The world has a funny way of working itself out. I had left Australia back in March with the belief that there was a strong chance I would be back, that there was a possibility it was just a simple see you later instead of a goodbye for good.

And here I was, a couple of months later, driving across some of Australia’s most unforgiving terrain in a ‘shitbox’ of a car with a woman I had met only days before and trusting her with my life – all in the name of cancer.

That name is the Shitbox Rally, an Australian event that fundraises money for the Cancer Council.

Founder and Adelaide-based James Freeman started the Shitbox Rally after losing both of his parents to cancer within a year of each other, first losing his mother in October 2007 and then his father just 11 months later.

What started out as a rally of 18 cars in its first year in 2010 raising just $104,000, the rally has grown dramatically throughout the five years.

To date, the rally has raised more than $4 million for the Cancer Council, making it the largest private independent fundraiser in the country for the organisation. This year’s rally raised a total of $1.5 million dollars, which was more than the hoped-for $1.4 million the rally aimed to raise.

Additionally, the 2014 Shitbox Rally saw 250 cars, priced $1,000 or under, participating – including the rally cars, the support vehicles and medical support cars – all while testing their might, their engines and the duct tape holding all the bits and pieces of the cars together as we set out on the journey of a lifetime.

Each year the rally’s route changes, and this year’s was the longest one yet: a 4,250 kilometre journey from Perth to Darwin via the Kimberley and Gibb River Road.

“All the rally routes are of equal playing field, but we knew [the 2014 rally] was going to be even tougher because the distance is just so incredibly long,” Freeman tells me one day as we drive together from Broome to Fitzroy’s Crossing on Day 4 of the rally.

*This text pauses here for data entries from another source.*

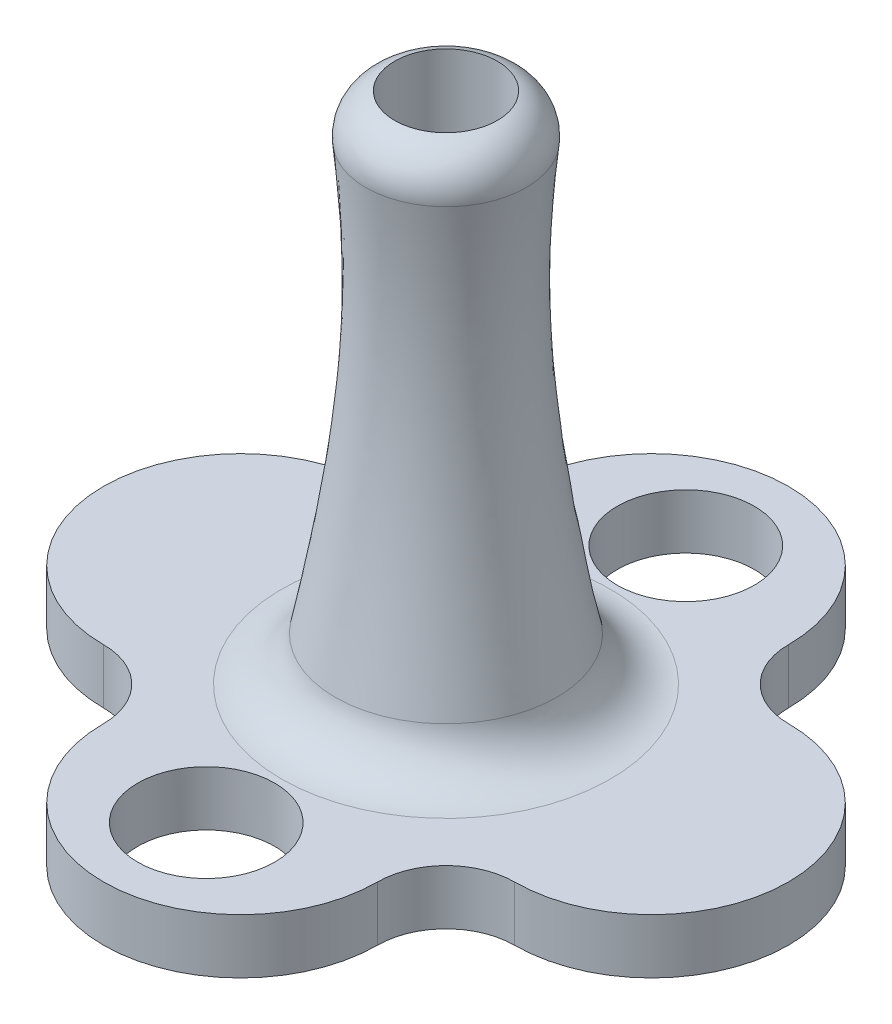
from build123d import *

# Parameters (mm, degrees)
BOSS_EXTRUDE1_DEPTH = 2.032
FILLET1_R           = 2.54
SKETCH4_R           = 1.905
CUT_EXTRUDE1_DEPTH  = 19.05
SKETCH5_R           = 2.54
CUT_EXTRUDE2_DEPTH  = 2.032
FILLET6_R           = 2.032


with BuildPart() as part:
    # Sketch1 → Boss-Extrude1 (new body)
    with BuildSketch(Plane(origin=(0, 0, 0), x_dir=(1, 0, 0), z_dir=(0, 1, 0))):
        with BuildLine():
            Line((-5.08, -7.62), (-5.08, -5.08))
            Line((-5.08, -5.08), (-7.62, -5.08))
            ThreePointArc((-7.62, -5.08), (-12.7, 0), (-7.62, 5.08))
            Line((-7.62, 5.08), (-5.08, 5.08))
            Line((-5.08, 5.08), (-5.08, 7.62))
            ThreePointArc((-5.08, 7.62), (0, 12.7), (5.08, 7.62))
            Line((5.08, 7.62), (5.08, 5.08))
            Line((5.08, 5.08), (7.62, 5.08))
            ThreePointArc((7.62, 5.08), (12.7, 0), (7.62, -5.08))
            Line((7.62, -5.08), (5.08, -5.08))
            Line((5.08, -5.08), (5.08, -7.62))
            ThreePointArc((5.08, -7.62), (0, -12.7), (-5.08, -7.62))
        make_face()
    extrude(amount=BOSS_EXTRUDE1_DEPTH)

    # Fillet1
    fillet1_edges = [part.edges().sort_by_distance(p)[0] for p in [
        (-5.08, 1.016, -5.08),
        (-5.08, 1.016, 5.08),
        (5.08, 1.016, 5.08),
        (5.08, 1.016, -5.08),
    ]]
    fillet(fillet1_edges, radius=FILLET1_R - 0.0001)  # a hair under: the kernel refuses the full size

    # Loft1: read off the stored shape, not the designer's step
    # Loft1: loft between two sections, ruled curve by curve
    loft1_from = [
        Edge.make_bspline([(-4.412357467, 2.032, 0.537704925), (-3.336947617, 2.032, 9.362419858), (5.487767316, 2.032, 8.287010009), (4.412357467, 2.032, -0.537704925), (3.336947617, 2.032, -9.362419858), (-5.487767316, 2.032, -8.287010009), (-4.412357467, 2.032, 0.537704925)], [0, 0, 0, 0, 0.5, 0.5, 0.5, 1, 1, 1, 1], 3, [1, 0.333333333, 0.333333333, 1, 0.333333333, 0.333333333, 1]),
    ]
    loft1_to = [
        Edge.make_bspline([(0.017954106, 21.082, 3.174949236), (6.367852578, 21.082, 3.139041023), (6.331944365, 21.082, -3.210857448), (-0.017954106, 21.082, -3.174949236), (-6.367852578, 21.082, -3.139041023), (-6.331944365, 21.082, 3.210857448), (0.017954106, 21.082, 3.174949236)], [0, 0, 0, 0, 0.5, 0.5, 0.5, 1, 1, 1, 1], 3, [1, 0.333333333, 0.333333333, 1, 0.333333333, 0.333333333, 1]),
    ]
    loft1 = Solid(Shell([*[Face.make_surface_from_curves(loft1_from[k], loft1_to[k]) for k in range(1)], Face(Wire(loft1_from)), Face(Wire(loft1_to))]))
    add(loft1)

    # Sketch4 → Cut-Extrude1 (cut)
    with BuildSketch(Plane(origin=(0, 21.082, 0), x_dir=(1, 0, 0), z_dir=(0, 1, 0))):
        with Locations(Location((0, 0, 0), (0, 0, 270))):
            Circle(SKETCH4_R)
    extrude(amount=-CUT_EXTRUDE1_DEPTH, mode=Mode.SUBTRACT)

    # Sketch5 → Cut-Extrude2 (cut)
    with BuildSketch(Plane(origin=(0, 2.032, 0), x_dir=(1, 0, 0), z_dir=(0, 1, 0))):
        with Locations(Location((0, 8.89, 0), (0, 0, 270))):
            Circle(SKETCH5_R)
        with Locations(Location((0, -8.89, 0), (0, 0, 270))):
            Circle(SKETCH5_R)
    extrude(amount=-CUT_EXTRUDE2_DEPTH, mode=Mode.SUBTRACT)

    # Fillet6
    fillet6_edges = [part.edges().sort_by_distance(p)[0] for p in [
        (4.412357467, 2.032, -0.537704925),
    ]]
    fillet(fillet6_edges, radius=FILLET6_R)

    # Fillet7: read off the stored shape, not the designer's step
    # Fillet7 outline → Fillet7 (revolve, cut)
    with BuildSketch(Plane.XY):
        with BuildLine():
            Line((2.972160789, 19.459683195), (3.175, 19.459683195))
            Line((3.175, 19.459683195), (3.175, 21.082))
            Line((3.175, 21.082), (1.905, 21.082))
            ThreePointArc((1.905, 21.082), (2.730414906, 20.462810482), (2.972160789, 19.459683195))
        make_face()
    revolve(axis=Axis((0, 0, 0), (0, 1, 0)), mode=Mode.SUBTRACT)


solid = part.part

 When I first learned about the Shitbox Rally, I did not realise exactly what I was in store for until a week before the race started. My teammate Renee, whom I had yet to meet, e-mailed me with a list of all the things she had prepared for our trip. Among the items was a snake proof tent.

“What is a snake-proof tent? I didn’t even know they make snake-proof tents! What is going on?” I remember thinking to myself in absolute bewilderment. I started wondering what exactly it was that I had gotten myself into.

As a traveller I pride myself on being able to adapt to everything around me. There is no such thing as a comfort zone to me anymore; that concept was long gone after I lived and worked in China as a reporter.
But this – a rally that would see us drive through some of the hottest places on earth, along some of the country’s toughest unsealed roads and cross rivers that are infested with crocodiles – was this something even the most seasoned traveller could handle with ease?

There was no reassurance in thinking that the car could handle it all, because whenever I told myself that I quickly remembered that I was driving in a shitbox.

This was a trip that made me start feeling like maybe I was not as adventurous as I thought.

Yet in the end it seems that on a personal note, overcoming the challenge is what is what the Shitbox Rally was all about.

It was about challenging myself to do the impossible, doing what may scare me, pushing myself to surpass any boundaries that the Outback may have formed around me and learning invaluable lessons on life in the process.

“So long as the car just rolls onto its side, then we are fine,” Renee nonchalantly said to me on Day 2 of the rally as we prepared ourselves to wave goodbye to the bitumen for the next couple of days. The first stretch of dirt roads lie ahead of us, and I felt physically ill with fright.

Yet I found comfort in those crazy words of hers, nodding my head yes as if I was some sort of ice skating superstar getting words of wisdom from her mentor just before stepping out onto the ice. I found comfort in Renee’s blind faith, trust and confidence in me, someone she had never driven with, some girl from New York who is used to driving on the opposite side of the road and who is never been on a dirt road before.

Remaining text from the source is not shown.